Reba is a former Emory Summer Child Advocacy Program participant and was placed with the Barton Center in summer 2007. His interest in child welfare policy arose during an internship in 2006 with the Dekalb Child Advocacy Center. Prior to law school, Reba played professional baseball.
Reba received his B.A. in Communications from Clemson University and his J.D. from John Marshall Law School.
Director, Juvenile Defender Clinic
Randee J. Waldman serves as the Director of the Barton Juvenile Defender Clinic at Emory University School of Law. In this role, she supervises law students in holistic representation of young people charged with delinquent and status offenses. In addition to representing these clients in their juvenile court cases, she and her students also represent them in special education proceedings, school suspension proceedings, and other forums according to the clients' needs. Professor Waldman engages in policy work related to juvenile justice issues and teaches courses in juvenile justice and education law.
Waldman began her legal career as a litigation associate at Debevoise and Plimpton in New York. She then spent over five years as a Senior Attorney at Advocates for Children, a non-profit organization dedicated to ensuring quality and equal public education services for New York City's most vulnerable students. While at AFC, Waldman represented parents and students at all levels of administrative proceedings to obtain appropriate special education services for students with disabilities, represented students in student discipline cases, served as co-counsel in several impact litigation cases in federal court, and directed the pro bono and law student intern programs.
Professor Waldman is a widely respected trainer, speaker, and writer. She is a NITA certified trial skills trainer and a certified trainer for the National Juvenile Defender Center's Juvenile Training Immersion Program. She has presented at numerous regional and national conferences. Professor Waldman serves on the Board of Directors for the Georgia Association of Counsel for Children, the Advisory Board for the Southern Juvenile Defender Center, and the Executive Committee of the newly created Child Protection and Advocacy Section of the State Bar of Georgia. She is also an active member of the Georgia Association of Criminal Defense Lawyers, the juvenile justice committee of the National Association of Criminal Defense Lawyers, and the Clinical Legal Education Association.
Waldman received her BA from Haverford College and her JD from the University of Chicago Law School.
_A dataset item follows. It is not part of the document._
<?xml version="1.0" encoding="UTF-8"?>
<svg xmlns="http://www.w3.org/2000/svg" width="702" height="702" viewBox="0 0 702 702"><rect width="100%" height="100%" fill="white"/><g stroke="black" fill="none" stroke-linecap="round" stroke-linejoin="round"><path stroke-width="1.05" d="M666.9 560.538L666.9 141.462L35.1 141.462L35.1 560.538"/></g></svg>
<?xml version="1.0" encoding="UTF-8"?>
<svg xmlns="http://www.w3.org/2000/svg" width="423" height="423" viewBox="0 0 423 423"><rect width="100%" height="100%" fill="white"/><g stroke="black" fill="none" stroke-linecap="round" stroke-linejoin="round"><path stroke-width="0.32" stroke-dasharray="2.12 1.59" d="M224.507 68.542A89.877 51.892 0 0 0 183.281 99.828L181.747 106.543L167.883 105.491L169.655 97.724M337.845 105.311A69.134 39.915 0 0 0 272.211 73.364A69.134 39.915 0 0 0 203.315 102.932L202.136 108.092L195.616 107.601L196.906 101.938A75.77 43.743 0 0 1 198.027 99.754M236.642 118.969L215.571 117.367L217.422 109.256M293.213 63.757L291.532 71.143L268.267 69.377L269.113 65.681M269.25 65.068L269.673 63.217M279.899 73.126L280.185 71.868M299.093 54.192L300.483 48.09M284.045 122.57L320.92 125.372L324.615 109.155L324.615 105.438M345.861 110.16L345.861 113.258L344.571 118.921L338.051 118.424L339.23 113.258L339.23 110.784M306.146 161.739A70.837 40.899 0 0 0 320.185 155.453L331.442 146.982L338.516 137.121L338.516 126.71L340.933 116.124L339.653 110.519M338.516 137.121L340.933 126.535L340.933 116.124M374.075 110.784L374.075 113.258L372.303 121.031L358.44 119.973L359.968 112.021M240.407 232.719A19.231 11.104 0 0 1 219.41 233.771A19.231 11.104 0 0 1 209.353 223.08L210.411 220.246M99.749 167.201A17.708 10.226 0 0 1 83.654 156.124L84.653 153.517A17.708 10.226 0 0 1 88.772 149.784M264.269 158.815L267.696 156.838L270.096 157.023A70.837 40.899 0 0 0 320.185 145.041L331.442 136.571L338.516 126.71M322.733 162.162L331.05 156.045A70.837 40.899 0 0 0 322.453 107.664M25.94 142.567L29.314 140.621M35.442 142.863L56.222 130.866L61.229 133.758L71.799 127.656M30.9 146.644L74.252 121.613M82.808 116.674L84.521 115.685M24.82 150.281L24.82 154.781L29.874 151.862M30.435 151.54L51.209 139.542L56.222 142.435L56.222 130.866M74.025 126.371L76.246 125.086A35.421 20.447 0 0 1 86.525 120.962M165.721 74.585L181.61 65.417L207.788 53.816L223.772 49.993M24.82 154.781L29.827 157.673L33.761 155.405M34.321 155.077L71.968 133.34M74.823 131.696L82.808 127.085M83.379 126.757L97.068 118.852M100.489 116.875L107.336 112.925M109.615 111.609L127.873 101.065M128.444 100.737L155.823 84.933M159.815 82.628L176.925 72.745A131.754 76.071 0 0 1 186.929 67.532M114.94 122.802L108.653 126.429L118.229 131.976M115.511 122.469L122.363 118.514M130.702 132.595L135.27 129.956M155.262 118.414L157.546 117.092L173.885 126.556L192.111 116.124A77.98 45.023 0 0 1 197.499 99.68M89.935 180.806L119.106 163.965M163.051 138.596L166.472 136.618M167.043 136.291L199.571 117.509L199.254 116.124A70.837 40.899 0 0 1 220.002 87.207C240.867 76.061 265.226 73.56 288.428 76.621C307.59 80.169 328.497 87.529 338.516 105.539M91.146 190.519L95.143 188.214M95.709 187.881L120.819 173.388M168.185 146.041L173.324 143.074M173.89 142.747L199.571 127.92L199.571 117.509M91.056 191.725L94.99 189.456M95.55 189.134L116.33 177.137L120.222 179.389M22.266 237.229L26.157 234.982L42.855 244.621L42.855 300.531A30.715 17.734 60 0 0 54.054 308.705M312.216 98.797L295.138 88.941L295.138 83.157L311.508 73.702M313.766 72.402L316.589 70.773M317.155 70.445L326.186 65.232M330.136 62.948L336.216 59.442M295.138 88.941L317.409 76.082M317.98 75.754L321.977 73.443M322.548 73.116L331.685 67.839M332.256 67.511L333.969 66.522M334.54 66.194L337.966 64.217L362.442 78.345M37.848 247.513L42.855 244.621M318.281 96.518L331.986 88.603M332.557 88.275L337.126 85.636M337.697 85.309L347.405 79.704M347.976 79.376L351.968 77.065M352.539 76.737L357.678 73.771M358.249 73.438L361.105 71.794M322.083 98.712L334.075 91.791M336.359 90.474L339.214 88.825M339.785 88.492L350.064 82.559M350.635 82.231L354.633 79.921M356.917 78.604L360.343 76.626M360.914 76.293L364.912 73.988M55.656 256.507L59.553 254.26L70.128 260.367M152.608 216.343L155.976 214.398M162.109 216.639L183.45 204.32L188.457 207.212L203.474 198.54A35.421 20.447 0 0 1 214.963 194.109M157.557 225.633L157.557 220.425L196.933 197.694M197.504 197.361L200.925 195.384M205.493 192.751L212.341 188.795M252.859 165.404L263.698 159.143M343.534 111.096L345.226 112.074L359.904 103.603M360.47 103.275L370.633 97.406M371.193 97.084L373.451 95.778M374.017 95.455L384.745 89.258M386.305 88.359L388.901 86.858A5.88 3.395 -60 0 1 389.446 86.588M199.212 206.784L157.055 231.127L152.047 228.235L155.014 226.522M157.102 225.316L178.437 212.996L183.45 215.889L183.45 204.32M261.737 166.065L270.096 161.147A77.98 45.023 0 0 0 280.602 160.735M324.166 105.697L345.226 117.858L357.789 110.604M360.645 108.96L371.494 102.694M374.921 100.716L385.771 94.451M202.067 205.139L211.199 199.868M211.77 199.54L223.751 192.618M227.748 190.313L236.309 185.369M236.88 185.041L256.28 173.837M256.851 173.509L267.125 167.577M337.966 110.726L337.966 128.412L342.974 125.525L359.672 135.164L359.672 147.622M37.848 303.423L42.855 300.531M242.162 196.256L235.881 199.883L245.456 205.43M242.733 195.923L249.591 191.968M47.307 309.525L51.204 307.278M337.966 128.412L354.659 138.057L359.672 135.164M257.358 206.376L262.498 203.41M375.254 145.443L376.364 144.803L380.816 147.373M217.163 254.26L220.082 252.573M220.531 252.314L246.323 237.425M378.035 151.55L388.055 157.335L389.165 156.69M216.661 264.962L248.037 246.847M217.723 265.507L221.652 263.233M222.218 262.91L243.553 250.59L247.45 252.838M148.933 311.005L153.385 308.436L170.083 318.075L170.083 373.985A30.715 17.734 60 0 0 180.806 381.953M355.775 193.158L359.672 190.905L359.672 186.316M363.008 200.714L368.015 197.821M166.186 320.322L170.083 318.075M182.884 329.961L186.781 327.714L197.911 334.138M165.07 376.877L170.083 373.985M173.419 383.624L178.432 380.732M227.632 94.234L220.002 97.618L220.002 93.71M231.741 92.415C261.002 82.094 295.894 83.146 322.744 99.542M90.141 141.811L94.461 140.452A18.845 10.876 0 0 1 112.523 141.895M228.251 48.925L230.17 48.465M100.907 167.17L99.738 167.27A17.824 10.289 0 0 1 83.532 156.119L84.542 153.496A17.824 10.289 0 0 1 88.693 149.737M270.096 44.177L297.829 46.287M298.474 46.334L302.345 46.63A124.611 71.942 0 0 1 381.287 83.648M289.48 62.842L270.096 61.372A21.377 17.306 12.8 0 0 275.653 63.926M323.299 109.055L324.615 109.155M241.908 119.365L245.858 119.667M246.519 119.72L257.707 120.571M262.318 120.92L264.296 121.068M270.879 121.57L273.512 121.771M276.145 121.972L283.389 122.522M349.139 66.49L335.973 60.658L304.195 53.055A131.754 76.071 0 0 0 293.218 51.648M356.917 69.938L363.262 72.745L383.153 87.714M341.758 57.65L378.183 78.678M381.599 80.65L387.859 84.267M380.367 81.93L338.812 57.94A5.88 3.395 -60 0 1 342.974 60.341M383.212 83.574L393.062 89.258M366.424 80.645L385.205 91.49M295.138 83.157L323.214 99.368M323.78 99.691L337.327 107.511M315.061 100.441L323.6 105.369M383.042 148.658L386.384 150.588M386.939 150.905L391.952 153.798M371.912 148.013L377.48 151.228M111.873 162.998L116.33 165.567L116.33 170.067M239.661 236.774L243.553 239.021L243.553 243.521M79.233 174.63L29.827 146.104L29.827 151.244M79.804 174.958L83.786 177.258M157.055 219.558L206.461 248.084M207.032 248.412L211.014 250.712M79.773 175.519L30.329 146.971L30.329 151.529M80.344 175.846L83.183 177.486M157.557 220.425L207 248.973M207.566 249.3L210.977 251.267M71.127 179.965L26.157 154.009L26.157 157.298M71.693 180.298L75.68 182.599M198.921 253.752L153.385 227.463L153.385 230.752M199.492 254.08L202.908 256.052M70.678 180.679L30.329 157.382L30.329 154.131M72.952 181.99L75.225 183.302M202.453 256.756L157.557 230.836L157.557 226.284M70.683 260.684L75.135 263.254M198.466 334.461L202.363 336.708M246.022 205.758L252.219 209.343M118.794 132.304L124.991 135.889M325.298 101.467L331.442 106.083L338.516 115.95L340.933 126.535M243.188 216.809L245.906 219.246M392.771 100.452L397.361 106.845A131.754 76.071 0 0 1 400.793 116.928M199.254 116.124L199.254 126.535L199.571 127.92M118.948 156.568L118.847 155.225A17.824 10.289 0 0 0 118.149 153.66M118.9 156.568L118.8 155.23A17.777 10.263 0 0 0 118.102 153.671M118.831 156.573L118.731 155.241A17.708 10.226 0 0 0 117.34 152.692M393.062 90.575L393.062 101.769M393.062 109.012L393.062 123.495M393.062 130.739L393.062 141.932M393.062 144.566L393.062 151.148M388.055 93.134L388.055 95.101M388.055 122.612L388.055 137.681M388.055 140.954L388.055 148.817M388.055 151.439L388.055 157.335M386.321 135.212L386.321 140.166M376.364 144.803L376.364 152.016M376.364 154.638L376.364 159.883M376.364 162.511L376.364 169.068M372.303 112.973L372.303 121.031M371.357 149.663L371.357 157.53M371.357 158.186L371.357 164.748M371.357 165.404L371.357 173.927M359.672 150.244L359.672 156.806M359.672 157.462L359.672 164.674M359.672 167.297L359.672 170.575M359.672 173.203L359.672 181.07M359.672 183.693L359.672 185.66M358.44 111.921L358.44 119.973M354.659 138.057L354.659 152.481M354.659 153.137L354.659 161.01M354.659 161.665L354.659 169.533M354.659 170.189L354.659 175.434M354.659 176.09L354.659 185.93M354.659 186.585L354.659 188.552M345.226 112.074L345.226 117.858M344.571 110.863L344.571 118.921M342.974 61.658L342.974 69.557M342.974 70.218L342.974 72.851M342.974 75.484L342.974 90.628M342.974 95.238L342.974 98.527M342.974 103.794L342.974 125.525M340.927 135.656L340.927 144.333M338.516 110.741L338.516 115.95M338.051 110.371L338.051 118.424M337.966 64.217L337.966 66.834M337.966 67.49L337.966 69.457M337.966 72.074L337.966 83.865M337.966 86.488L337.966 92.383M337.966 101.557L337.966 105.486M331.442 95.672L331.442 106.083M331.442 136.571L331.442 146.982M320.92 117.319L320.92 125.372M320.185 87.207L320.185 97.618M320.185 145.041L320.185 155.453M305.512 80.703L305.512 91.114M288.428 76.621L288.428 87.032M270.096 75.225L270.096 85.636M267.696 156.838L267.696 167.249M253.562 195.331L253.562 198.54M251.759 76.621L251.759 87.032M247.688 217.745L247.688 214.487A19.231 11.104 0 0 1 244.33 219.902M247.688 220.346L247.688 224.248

Robin S. Nash Postgraduate Fellow in Law
Terrence Wilson joined the Barton Child Law and Policy Center in July of 2016 as the Robin Nash Postgraduate Fellow in Law. Prior to joining the Barton Center, Terrence worked in a variety of areas including political campaigning, legislative affairs, local government, and civil rights law and policy. He has worked in several notable organizations throughout the United States including the Advancement Project in Washington, D.C., the American Civil Liberties Union of North Carolina, and the Brennan Center for Justice at NYU Law in New York. He brings a passion for juvenile justice and a desire to use public policy and legislative advocacy to improve the lives of Georgia’s children, and he has been involved with several legislative efforts to benefit children in the state legislatures of both North Carolina and Georgia.